▸ Action item: Could you reproduce the material below exactly, from the line containing "msp.add_arc(centre, 0.1, start, end, dxfattribs=at)" through its last line, and leave out everything else?

------ Dataset

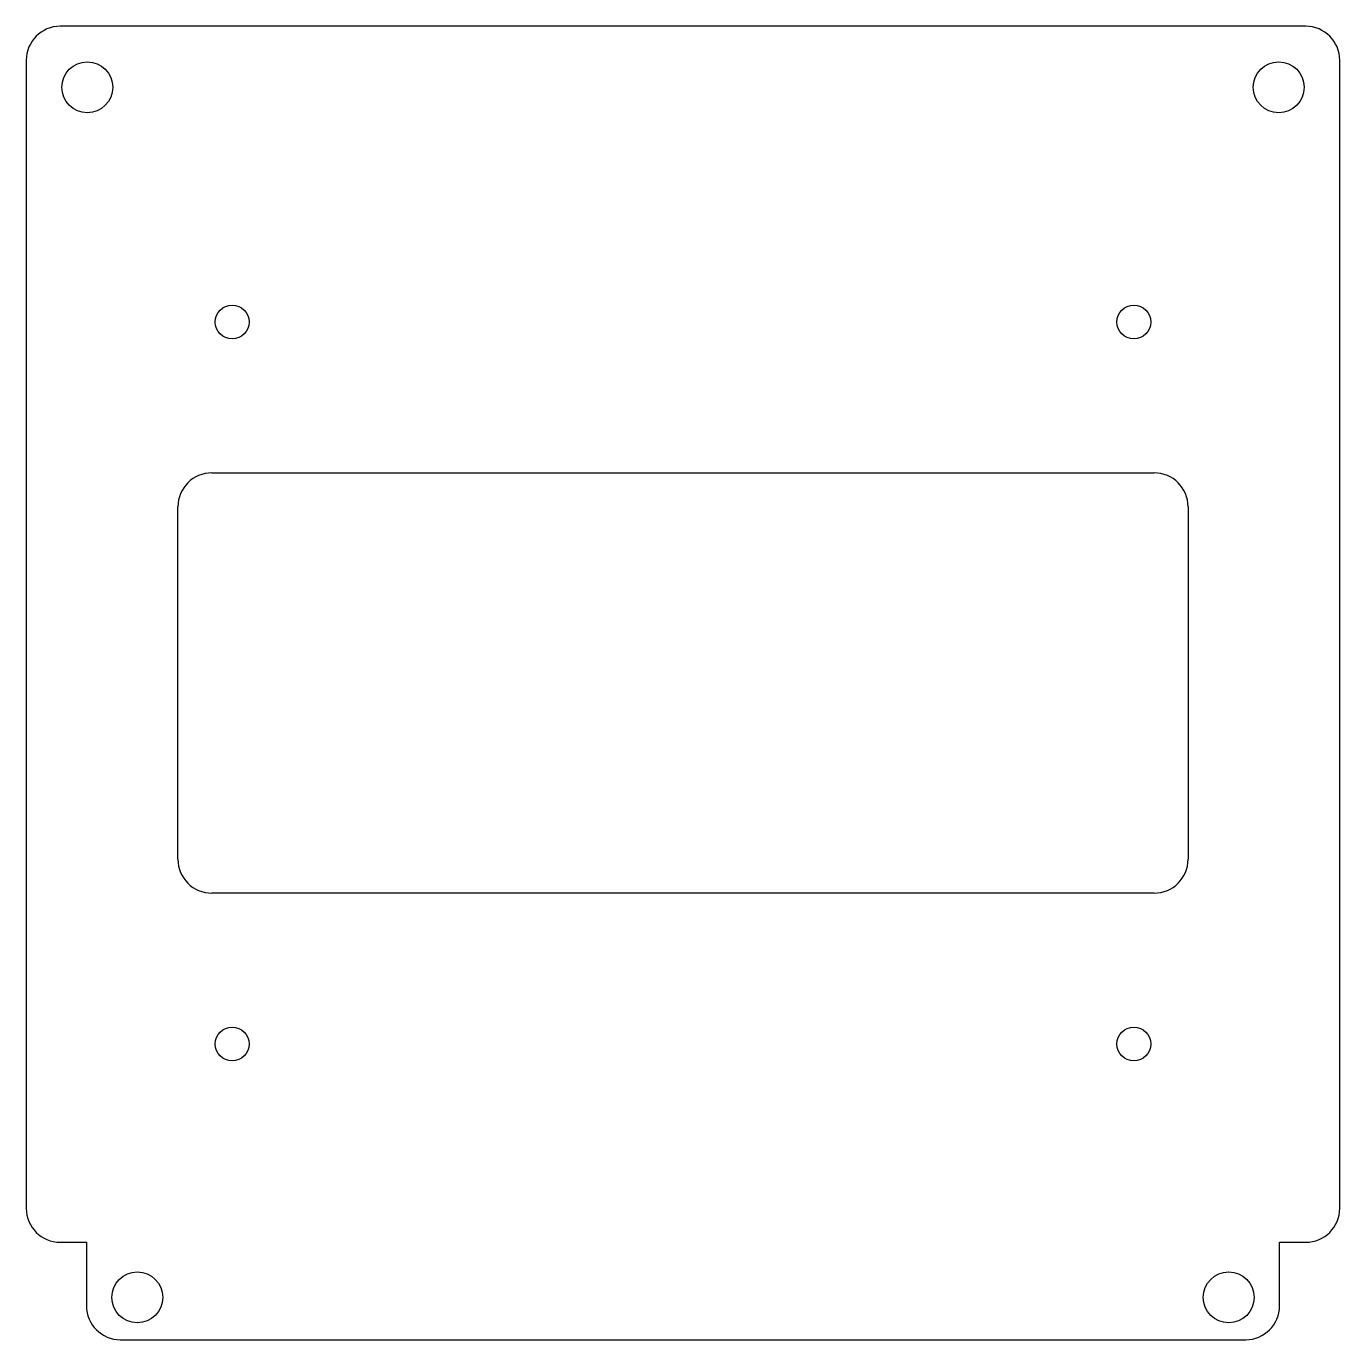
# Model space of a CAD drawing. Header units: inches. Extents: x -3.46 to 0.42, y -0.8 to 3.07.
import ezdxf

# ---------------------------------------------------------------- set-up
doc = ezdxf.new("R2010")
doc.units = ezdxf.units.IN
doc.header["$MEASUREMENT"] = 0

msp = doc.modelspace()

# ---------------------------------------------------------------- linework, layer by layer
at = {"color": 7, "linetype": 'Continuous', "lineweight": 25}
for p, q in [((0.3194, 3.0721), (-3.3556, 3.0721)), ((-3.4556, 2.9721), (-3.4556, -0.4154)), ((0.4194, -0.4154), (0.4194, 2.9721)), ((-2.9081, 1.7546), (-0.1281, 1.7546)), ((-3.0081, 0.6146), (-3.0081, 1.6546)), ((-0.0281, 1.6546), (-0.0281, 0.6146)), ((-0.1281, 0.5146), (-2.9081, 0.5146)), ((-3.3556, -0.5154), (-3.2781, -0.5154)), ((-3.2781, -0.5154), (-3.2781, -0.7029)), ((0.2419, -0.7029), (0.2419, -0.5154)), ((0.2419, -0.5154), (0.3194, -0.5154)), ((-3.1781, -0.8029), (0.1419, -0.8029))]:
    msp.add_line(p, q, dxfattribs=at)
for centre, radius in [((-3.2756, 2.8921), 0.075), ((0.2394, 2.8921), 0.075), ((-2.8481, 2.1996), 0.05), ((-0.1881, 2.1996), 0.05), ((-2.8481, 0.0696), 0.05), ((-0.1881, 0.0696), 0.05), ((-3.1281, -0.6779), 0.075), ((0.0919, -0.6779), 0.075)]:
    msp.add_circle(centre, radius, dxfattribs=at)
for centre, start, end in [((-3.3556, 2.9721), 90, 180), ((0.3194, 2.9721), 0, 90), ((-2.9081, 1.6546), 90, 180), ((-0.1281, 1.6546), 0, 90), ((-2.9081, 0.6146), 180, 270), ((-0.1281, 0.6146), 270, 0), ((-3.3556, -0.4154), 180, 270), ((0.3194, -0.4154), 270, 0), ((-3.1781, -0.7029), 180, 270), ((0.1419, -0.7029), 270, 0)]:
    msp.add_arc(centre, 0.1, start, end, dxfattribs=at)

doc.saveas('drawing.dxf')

------------

▸ Answer section:
    msp.add_arc(centre, 0.1, start, end, dxfattribs=at)

doc.saveas('drawing.dxf')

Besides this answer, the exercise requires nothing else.